Alors que son père vient de mourir, Jimmy Sangster Jr remet les pieds à Philadelphia, ville qu’il a quittée il y a des années en arrière. Policier comme son géniteur, Jimmy tombe sur le journal de celui-ci, où il faisait état d’étranges disparitions. En s’intéressant d’un peu plus près aux dernières notes laissées par Sangster Sr, il découvre que les vampires ne sont pas qu’une légende… et que son père pourrait bien être devenu l’un deux.
Scénariste de télévision (il a ainsi officié sur The Boondocks et American Gods), Rodney Barnes s’est aventuré depuis 2017 dans le monde du comics. Il a travaillé pour Marvel (Falcon, La mini-série Lando : Double or Nothing), Lion Forge et Image Comics. Pour Killadelphia, il s’associe avec Jason Shawn Alexander, qui a déjà de belles références dans le genre horrifique – voire vampirique. Il a ainsi participé à Tales of the Slayers, à 30 jours de Nuits, et a dessiné Van Helsing: From Beneath the Rue Morgue, une mini-série dans le même univers que le film de Stephen Sommers. On a également pu le voir en action dans Damn Nation, scénarisé par Andrew Cosby. Illustrateur depuis plus de 20 ans, il a notamment été récompensé par 2 nominations aux Eisner Awards.
Killadelphia tire son titre d’un terme imaginé par la presse locale, qui souligne la criminalité élevée de la ville [ref] https://edition.cnn.com/2012/02/11/us/philadelphia-violence/index.html[/ref]. Rodney Barnes met un duo improbable aux prises avec une délinquance qui n’a rien de naturelle. Un fils et son père devenu vampire vont s’opposer à un ancien président des États-Unis, John Adams, bien décidé à venger sa réputation et à inscrire son nom dans l’histoire. La trame est ponctuée de flash-backs, qui nous ramènent notamment à l’époque des Pères Fondateurs. Le récit propose en fil rouge une réflexion sur l’Histoire des États-Unis, ses débuts et ce qu’il en reste à l’heure actuelle. Et dans le même temps, le duo père/fils est également au cœur du scénario. Cette affaire va en effet donner aux Sangster matière à travailler ensemble, et à mettre en ordre des relations passées compliquées.

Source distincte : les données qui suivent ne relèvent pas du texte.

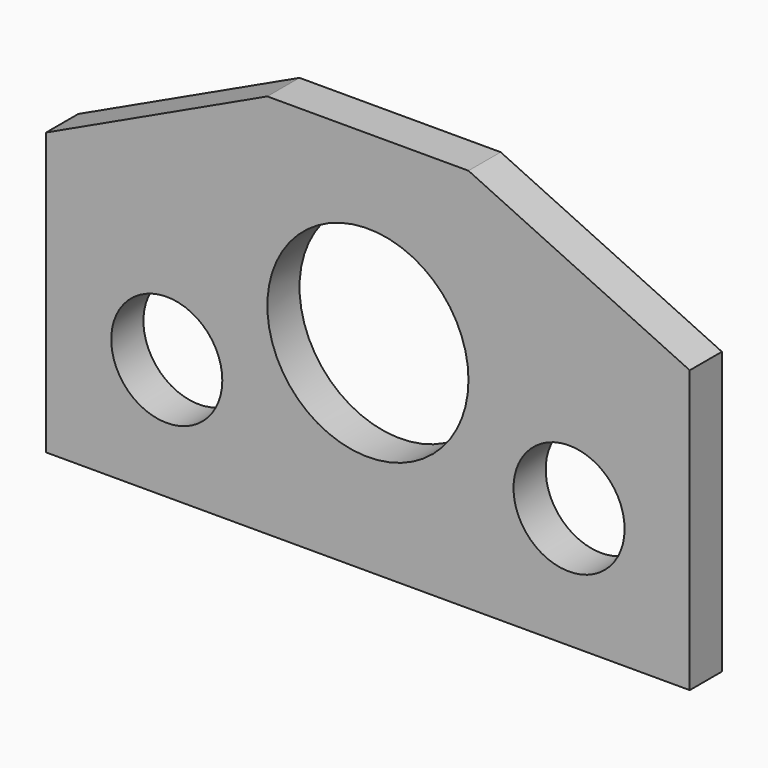
from build123d import *

# Parameters (mm, degrees)
F1_DEPTH = 6.35
F2_R     = 15.875
F2_R_2   = 8.7674107973
F3_DEPTH = 6.35


# Not quite as in the source:
# - a feature names something its author has since deleted; it is built from what else it names


with BuildPart() as f1:
    # F0 (on Front) → F1 (new body)
    with BuildSketch(Plane.XZ):
        Polygon((-15.875, 25.1552741975), (-50.8, 8.7795666171), (-50.8, -35.6704333829), (0, -35.6704333829), (0, 25.1552741975), align=None)
        Polygon((0, 25.1552741975), (0, -35.6704333829), (50.8, -35.6704333829), (50.8, 8.7795666171), (15.875, 25.1552741975), align=None)
    extrude(amount=F1_DEPTH)

    # F2 (on face) → F3 (cut)
    with BuildSketch(Plane.XZ.offset(6.35)):
        with Locations((0, -3.9204333829)):
            Circle(F2_R)
        with Locations((31.75, -16.6204333829)):
            Circle(F2_R_2)
        with Locations((-31.75, -16.6204333829)):
            Circle(F2_R_2)
    extrude(amount=-F3_DEPTH, mode=Mode.SUBTRACT)


solid = f1.part
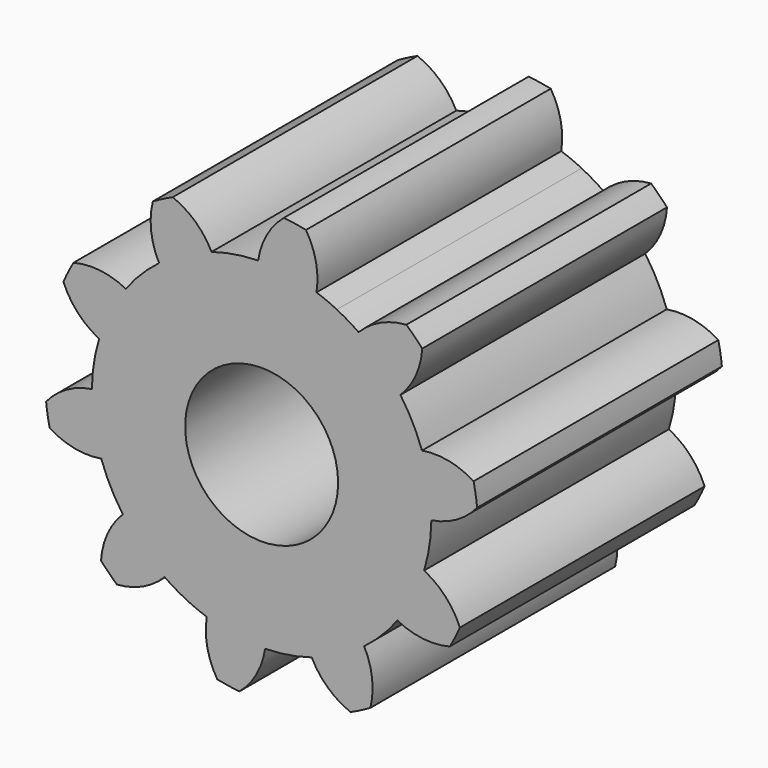
from build123d import *

# Parameters (mm, degrees)
F2_R     = 1.27
F3_DEPTH = 5.08
F4_DEPTH = 5.08
F6_COUNT = 10
F6_ANGLE = 324


# Not quite as in the source:
# - a variable given as a bare number and used for a length is read in inches; the dataset says mm whatever the document's units were


with BuildPart() as f3:
    # F2 (on Front) → F3 (new body)
    with BuildSketch(Plane.XZ):
        with BuildLine():
            ThreePointArc((2.818765, -0.042015), (2.819, -0.021008), (2.819078, 0))
            ThreePointArc((2.819078, 0), (2.779747, 0.469261), (2.662852, 0.925429))
            ThreePointArc((2.662852, 0.925429), (-2.783167, -0.448533), (2.818765, -0.042015))
        make_face()
        Circle(F2_R, mode=Mode.SUBTRACT)
    extrude(amount=F3_DEPTH)

    # F2 (on Front) → F4 (join)
    with BuildSketch(Plane.XZ):
        with BuildLine():
            ThreePointArc((2.662852, 0.925429), (2.779747, 0.469261), (2.819078, 0))
            ThreePointArc((2.819078, 0), (2.819, -0.021008), (2.818765, -0.042015))
            ThreePointArc((2.818765, -0.042015), (3.238382, 0.103424), (3.578985, 0.388415))
            ThreePointArc((3.578985, 0.388415), (3.554141, 0.572783), (3.519806, 0.755621))
            ThreePointArc((3.519806, 0.755621), (3.106915, 0.91918), (2.662852, 0.925429))
        make_face()
    extrude(amount=F4_DEPTH)

    # F6: F3 ×10 about axis
    f6_axis = Axis((0, 6.146542, 0), (0, 1, 0))


with BuildPart() as f3_1:
    add(f3.part)
    for i in range(1, F6_COUNT):
        add(f3.part.rotate(f6_axis, i * F6_ANGLE / (F6_COUNT - 1)))


solid = f3_1.part

Les illustrations de Jason Shawn Alexander collent parfaitement à l’histoire, entre polar, basculement post-apo et fiction surnaturelle. Le dessinateur maîtrise particulièrement les ombres dans lesquelles évoluent ses protagonistes. Son trait vif, qui lorgne parfois vers le photoréalisme, n’en est pas moins dynamique. Les cadrages sont bien pensés, et appuient à merveille les ambiances du scénario.
On apprend au fil du récit que John Adams, deuxième président des États-Unis devenu vampire, fomente une insurrection. De quoi exploiter le lien qui existe entre pouvoir de l’ombre et vampirisme. La relation que les vampires entretiennent les uns avec les autres permettra à Sargent Sr, lui-même transformé en vampire, d’avoir accès à la mémoire d’Adams. Pour le reste, les créatures ici mises en scène se regroupent en nid, qu’elles investissent à la manière de chauve-souris. Elles craignent la morsure du soleil autant qu’un pieu enfoncé en plein cœur. Il y a également l’idée qu’Adams, s’il est le patient 0 de Philadelphie, n’est pas le premier vampire, et que ces derniers possèdent en eux des pouvoirs. D’où l’existence d’un livre, indéchiffrable, qui expliquerait comment en tirer profit. Enfin, difficile de ne pas voir un clin d’oeil à la Hammer dans le nom Sangster, surtout quand le héros se nomme Jimmy.
Un comics qui pose une ambiance très réussie, à la croisée des chemins entre plusieurs genres. Si l’histoire de fond est celle d’une enquête policière dans un contexte surnaturel, la relation entre les deux protagonistes principaux, les Sangster, joue sur les relations père/fils.